JAKARTA - PT Bank Mandiri (Persero) Tbk mendukung pertumbuhan talenta berdaya saing di Indonesia. Hal ini lewat program My Digital Academy (MDA) batch 2 yang difokuskan untuk menghasilkan talenta digital yang dapat membawa perubahan.
Direktur Teknologi Informasi Bank Mandiri Timothy Utama menjelaskan, MDA Batch 2 adalah lanjutan dari program sebelumnya yang sangat diminati oleh ribuan pendaftar, menghasilkan ratusan peserta yang berkualitas, dan bekerja sama untuk meningkatkan keterampilan di bidang Teknologi Informasi (TI).
“Di tengah era digitalisasi, peran talenta digital menjadi sangat penting untuk menjadi jembatan dan penyeimbang antara kebutuhan perusahaan dan tantangan yang ada di industri. Apalagi, saat ini keamanan digital menjadi fokus utama bagi pelaku usaha di sektor keuangan mengingat perkembangan internet yang makin masif,” ujar Tim sapaan akrab Timothy dalam keterangan resminya, Jumat (2/2/2024).

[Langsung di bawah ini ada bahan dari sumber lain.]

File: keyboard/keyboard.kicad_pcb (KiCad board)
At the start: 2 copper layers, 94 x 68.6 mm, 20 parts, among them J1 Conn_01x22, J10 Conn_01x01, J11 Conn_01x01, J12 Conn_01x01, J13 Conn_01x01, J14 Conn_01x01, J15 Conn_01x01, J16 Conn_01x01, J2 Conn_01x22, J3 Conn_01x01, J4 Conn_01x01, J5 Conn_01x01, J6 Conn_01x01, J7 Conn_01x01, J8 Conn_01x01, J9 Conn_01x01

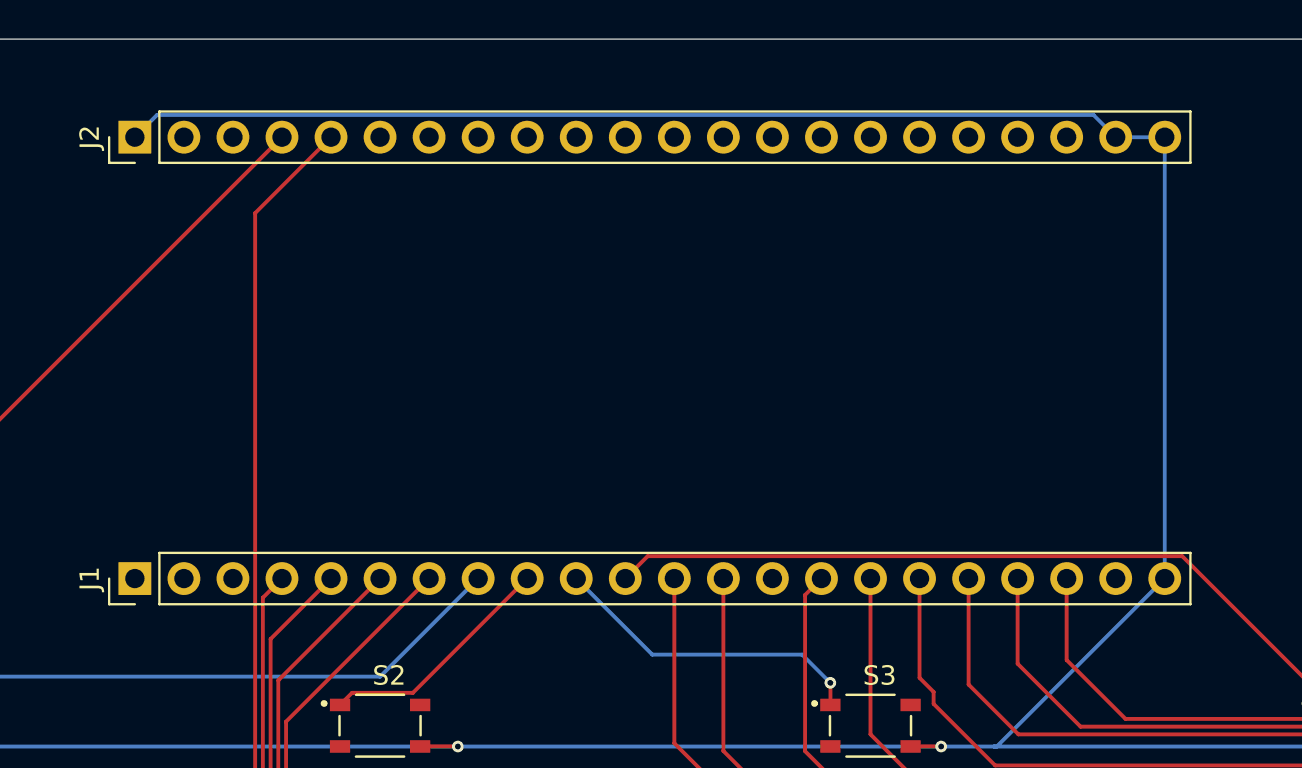
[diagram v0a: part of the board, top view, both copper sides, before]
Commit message: Add silk for ESP32-S3-Devkit-C1
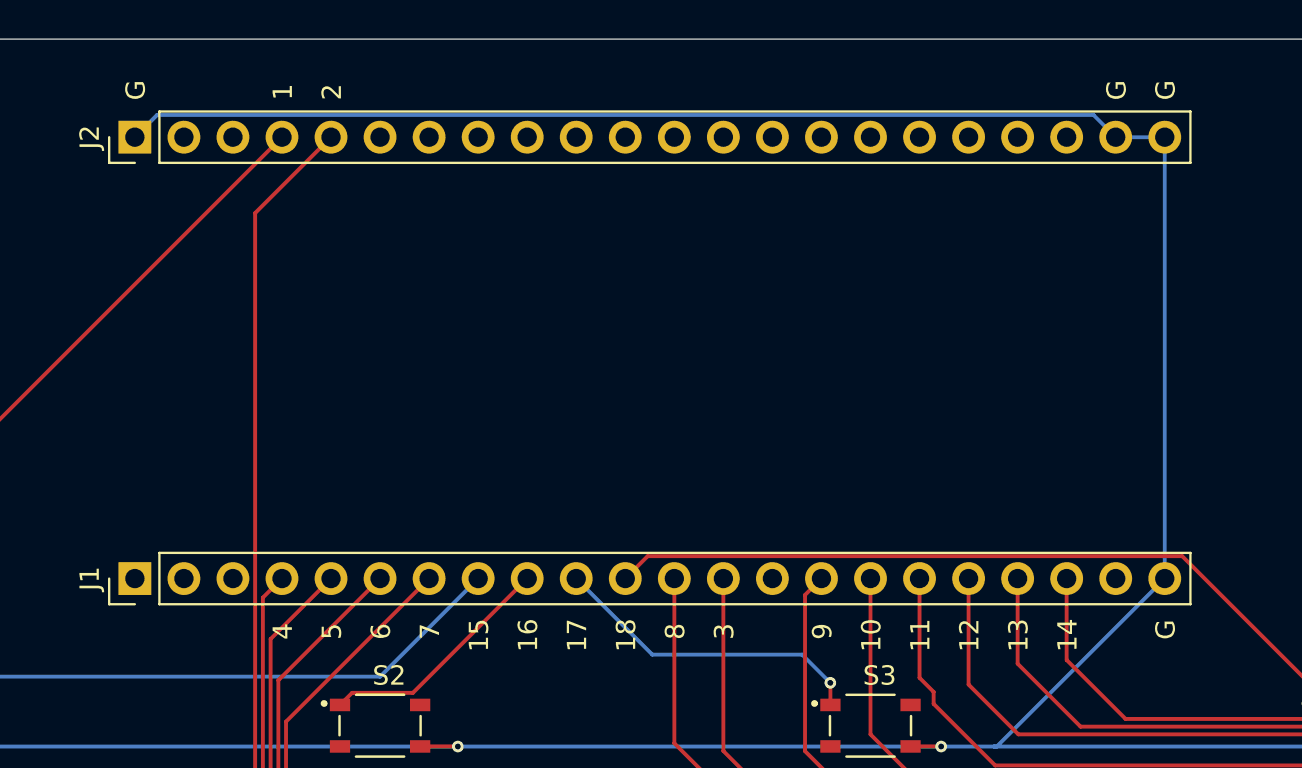
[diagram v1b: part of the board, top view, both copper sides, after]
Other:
- board text added: "1"
- board text added: "10"
- board text added: "11"
- board text added: "12"
- board text added: "13"
- board text added: "14"
- board text added: "15"
- board text added: "16"
- board text added: "17"
- board text added: "18"
- board text added: "2"
- board text added: "3"
- board text added: "4"
- board text added: "5"
- board text added: "6"
- board text added: "7"
- board text added: "8"
- board text added: "9"
- board text added: "G"

Pentingnya keamanan digital saat ini juga bukan hisapan jempol saja, merujuk data National Cyber Security Index (NCSI), pada tanggal 1 September 2023, Indonesia mencapai skor indeks keamanan siber sebesar 63,64 poin dari 100.
Meskipun menempati peringkat ke-4 di antara negara-negara Asia Tenggara, secara global, Indonesia masih berada di peringkat ke-49 dari 176 negara. Skor tersebut cukup jauh dari negara teratas, Belgia, yang mencapai skor indeks 94,81 poin.
“Kami berharap, dengan adanya inisiatif MDA ini bisa menjadi wadah untuk mendorong peningkatan kualitas talenta digital ke depan. Sejalan dengan upaya Bank Mandiri yang terus fokus pada transformasi dan adaptasi digital agar dapat terus memberikan pelayanan yang terbaik kepada nasabah,” terangnya.
Sebagai informasi, dalam batch pertama jumlah pendaftar MDA mencapai 15.000, jumlah ini meningkat 60% di periode batch kedua menjadi 24.673 pendaftar. Adapun, jumlah peserta yang lulus bootcamp juga meningkat, dari 302 menjadi 600 peserta. Peserta MDA ini berkesempatan untuk bergabung menjadi pegawai Bank Mandiri melalui jalur Officer Development Program Information Technology (ODP IT).